Translation of this particular displacement would be acting along
the axis of deformation 408.
[0026] FIG. 5 illustrates yet another embodiment of a container
such as that which was disclosed as container 300 in FIG. 3. In
this case, the concentric corrugations of upper endplate 502 and
lower endplate 504 are offset to "nest" into one another. This
geometry allows for a smaller contained volume if desired. In
addition, there is now a smaller distance from the surface of
container 500 to any location within the phase change media 50, as
compared to the geometry of corrugated endplates 402 and 404 in
FIG. 4 for the same separation of the flat surfaces along the axes
of deformation 408 and 508. This tighter spacing would facilitate
heat transfer into and out of the phase change media 50.
[0027] Inorganic salt combinations, as well as additional mentioned
phase change material (PCM) examples, may provide PCM's that
exhibit the property that their volume increases with the
transition from solid to liquid phase. Unary (single component)

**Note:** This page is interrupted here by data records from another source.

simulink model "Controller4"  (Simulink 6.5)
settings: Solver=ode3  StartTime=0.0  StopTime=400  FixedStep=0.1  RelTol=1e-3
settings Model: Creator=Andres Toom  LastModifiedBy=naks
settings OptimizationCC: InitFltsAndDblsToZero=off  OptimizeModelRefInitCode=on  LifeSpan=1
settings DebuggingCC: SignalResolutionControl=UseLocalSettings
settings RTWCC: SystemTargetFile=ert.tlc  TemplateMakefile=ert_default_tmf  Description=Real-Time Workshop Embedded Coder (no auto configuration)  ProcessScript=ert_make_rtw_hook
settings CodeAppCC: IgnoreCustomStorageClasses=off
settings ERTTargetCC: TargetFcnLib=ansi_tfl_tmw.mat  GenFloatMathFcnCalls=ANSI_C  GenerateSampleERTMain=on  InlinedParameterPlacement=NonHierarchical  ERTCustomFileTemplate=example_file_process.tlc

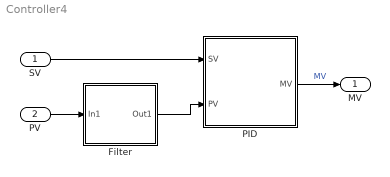
== system Controller4 ==
  SV : Inport  PortDimensions=1  DataType=double  OutDataType=fixdt(1,16,0)  OutScaling=[]
  PV : Inport  Port=2  PortDimensions=1  DataType=double  OutDataType=fixdt(1,16,0)  OutScaling=[]
  Filter : Subsystem
  PID : Subsystem  TreatAsAtomicUnit=on
  MV : Outport  OutDataType=fixdt(1,16,0)  OutScaling=[]
  wires:
  Filter/1(Out1) -> PID/2(PV)
  SV/1 -> PID/1(SV)
  PV/1 -> Filter/1(In1)
  PID/1(MV) -> MV/1  "MV"

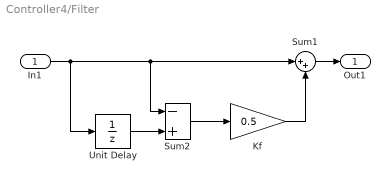
== system Controller4/Filter ==
  In1 : Inport  OutDataType=fixdt(1,16,0)  OutScaling=[]
  Kf : Gain  Gain=0.5
  Sum1 : Sum  Inputs=|++
  Sum2 : Sum  Inputs=|-+
  Unit Delay : UnitDelay  SampleTime=-1
  Out1 : Outport  OutDataType=fixdt(1,16,0)  OutScaling=[]
  wires:
  In1/1 -> Unit Delay/1, Sum1/1, Sum2/1
  Kf/1 -> Sum1/2
  Unit Delay/1 -> Sum2/2
  Sum2/1 -> Kf/1
  Sum1/1 -> Out1/1

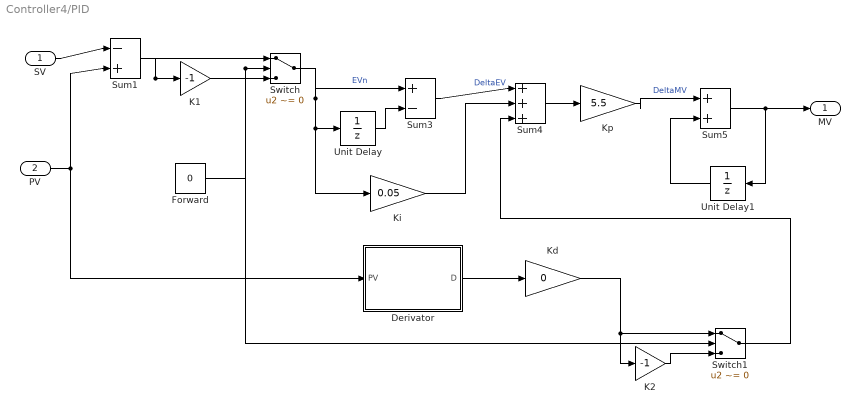
== system Controller4/PID ==
  SV : Inport  OutDataType=fixdt(1,16,0)  OutScaling=[]
  PV : Inport  Port=2  OutDataType=fixdt(1,16,0)  OutScaling=[]
  Derivator : Subsystem  TreatAsAtomicUnit=on
  Forward : Constant  Value=0  OutDataType=sfix(16)  ConRadixGroup=Use specified scaling  OutScaling=2^0  SampleTime=inf  FramePeriod=inf
  K1 : Gain  Gain=-1
  K2 : Gain  Gain=-1
  Kd : Gain  Gain=0
  Ki : Gain  Gain=0.05
  Kp : Gain  Gain=5.5
  Sum1 : Sum  Inputs=|-+
  Sum3 : Sum  Inputs=|+-
  Sum4 : Sum  Inputs=|+++
  Sum5 : Sum  Inputs=|++
  Switch : Switch  Criteria=u2 ~= 0
  Switch1 : Switch  Criteria=u2 ~= 0
  Unit Delay : UnitDelay  SampleTime=-1
  Unit Delay1 : UnitDelay  Orientation=left  SampleTime=-1
  MV : Outport  OutDataType=fixdt(1,16,0)  OutScaling=[]
  wires:
  SV/1 -> Sum1/1
  PV/1 -> Sum1/2, Derivator/1(PV)
  Sum1/1 -> Switch/1, K1/1
  Forward/1 -> Switch/2, Switch1/2
  Switch/1 -> Sum3/1, Unit Delay/1, Ki/1  "EVn"
  Unit Delay/1 -> Sum3/2
  Sum3/1 -> Sum4/1  "DeltaEV"
  Sum4/1 -> Kp/1
  Sum5/1 -> MV/1, Unit Delay1/1
  Kp/1 -> Sum5/1  "DeltaMV"
  Unit Delay1/1 -> Sum5/2
  Ki/1 -> Sum4/2
  Switch1/1 -> Sum4/3
  K1/1 -> Switch/3
  K2/1 -> Switch1/3
  Derivator/1(D) -> Kd/1
  Kd/1 -> K2/1, Switch1/1

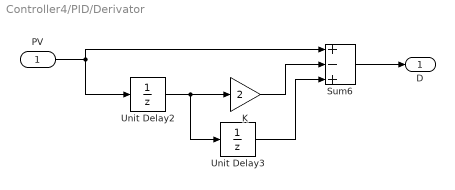
== system Controller4/PID/Derivator ==
  PV : Inport  OutDataType=fixdt(1,16,0)  OutScaling=[]
  K : Gain  Gain=2
  Sum6 : Sum  Inputs=|+-+
  Unit Delay2 : UnitDelay  SampleTime=-1
  Unit Delay3 : UnitDelay  SampleTime=-1
  D : Outport  OutDataType=fixdt(1,16,0)  OutScaling=[]
  wires:
  Sum6/1 -> D/1
  Unit Delay2/1 -> Unit Delay3/1, K/1
  Unit Delay3/1 -> Sum6/3
  K/1 -> Sum6/2
  PV/1 -> Unit Delay2/1, Sum6/1

PCM's make the volume change at a fixed temperature, but PCM
mixtures and alloys may change volume over a broader temperature
range. The volume change realized upon melting provides application
as a thermostatic actuator at temperatures and/or forces that are
impossible for wax pellet and passive bimetallic element
thermostats. Specifically tailored PCM mixtures make it possible to
design a range of thermostats that will open progressively over
temperature ranges that may be tailored within certain constraints.
Specific materials and mixtures may be used to achieve desired
application-specific temperature activation ranges, these may
include but are not limited to: inorganic salts; metals;
non-metals; mixtures of metals and non-metals; or any combination
thereof.
[0028] Total deflection experienced by the actuator is constrained
by the need to keep stresses within acceptable limits, and
compatibility between the PCM and the enclosure material is a
consideration due to corrosion issues. In addition to a tailored
temperature range, melting PCM's may exert enormous pressures due
to the incompressibility of liquid, thereby mitigating issues
regarding the actuation force required to displace an actuator.
[0029] If a PCM solidifies with voids when pressure inside the
container is lower than the external pressure, a spring-loaded
mechanism may be applied to avoid the formation of vacuum voids.
Thus, the phase change media chamber is consistently constrained to
a minimum volume.
[0030] The advantages of PCM's, and in particular inorganic salts,
metals and nonmetals for use in the embodiments of the disclosed
thermostatic actuator include; the ability to tailor the
temperature range over which the thermostat opens/closes;
negligible thermal growth from room temperature to actuation
temperature relative to actuation displacement; displacement can be
tailored by the combination of the fractional volume change of the
PCM and the enclosed volume of PCM; forces generated during the
phase change process are more than sufficient to move most spring
return valves; the system operates in very diverse space
requirements, temperature ranges and actuator displacements; and,
mechanical amplification may be employed to achieve a broad range
of actuation displacements.
[0031] FIG. 6A is an exemplary embodiment of an exploded view of a
bellows assembly 600 utilizing a combination of bellows and a
cylindrical container for a high-temperature thermal actuator. The
bellows upper endplate 632 is attached to bellows support wall 636,
making bellows upper portion 620. The bellows lower support wall
646 is attached to flange 648 in the lower portion and is capped
with lower endplate 642 at the upper end, giving a geometry that
looks like a formal top hat, comprising the bellows lower portion
622. The bellows upper and lower portions 620 and 622 are
hermetically sealed with phase change material (not shown) filling
the enclosed cavity between them. The diameter of lower support
wall 646 will be sized to ensure appropriate guidance of bellows of
the bellows support wall 636 as it lengthens and shortens,
preventing undesirable buckling of the bellows.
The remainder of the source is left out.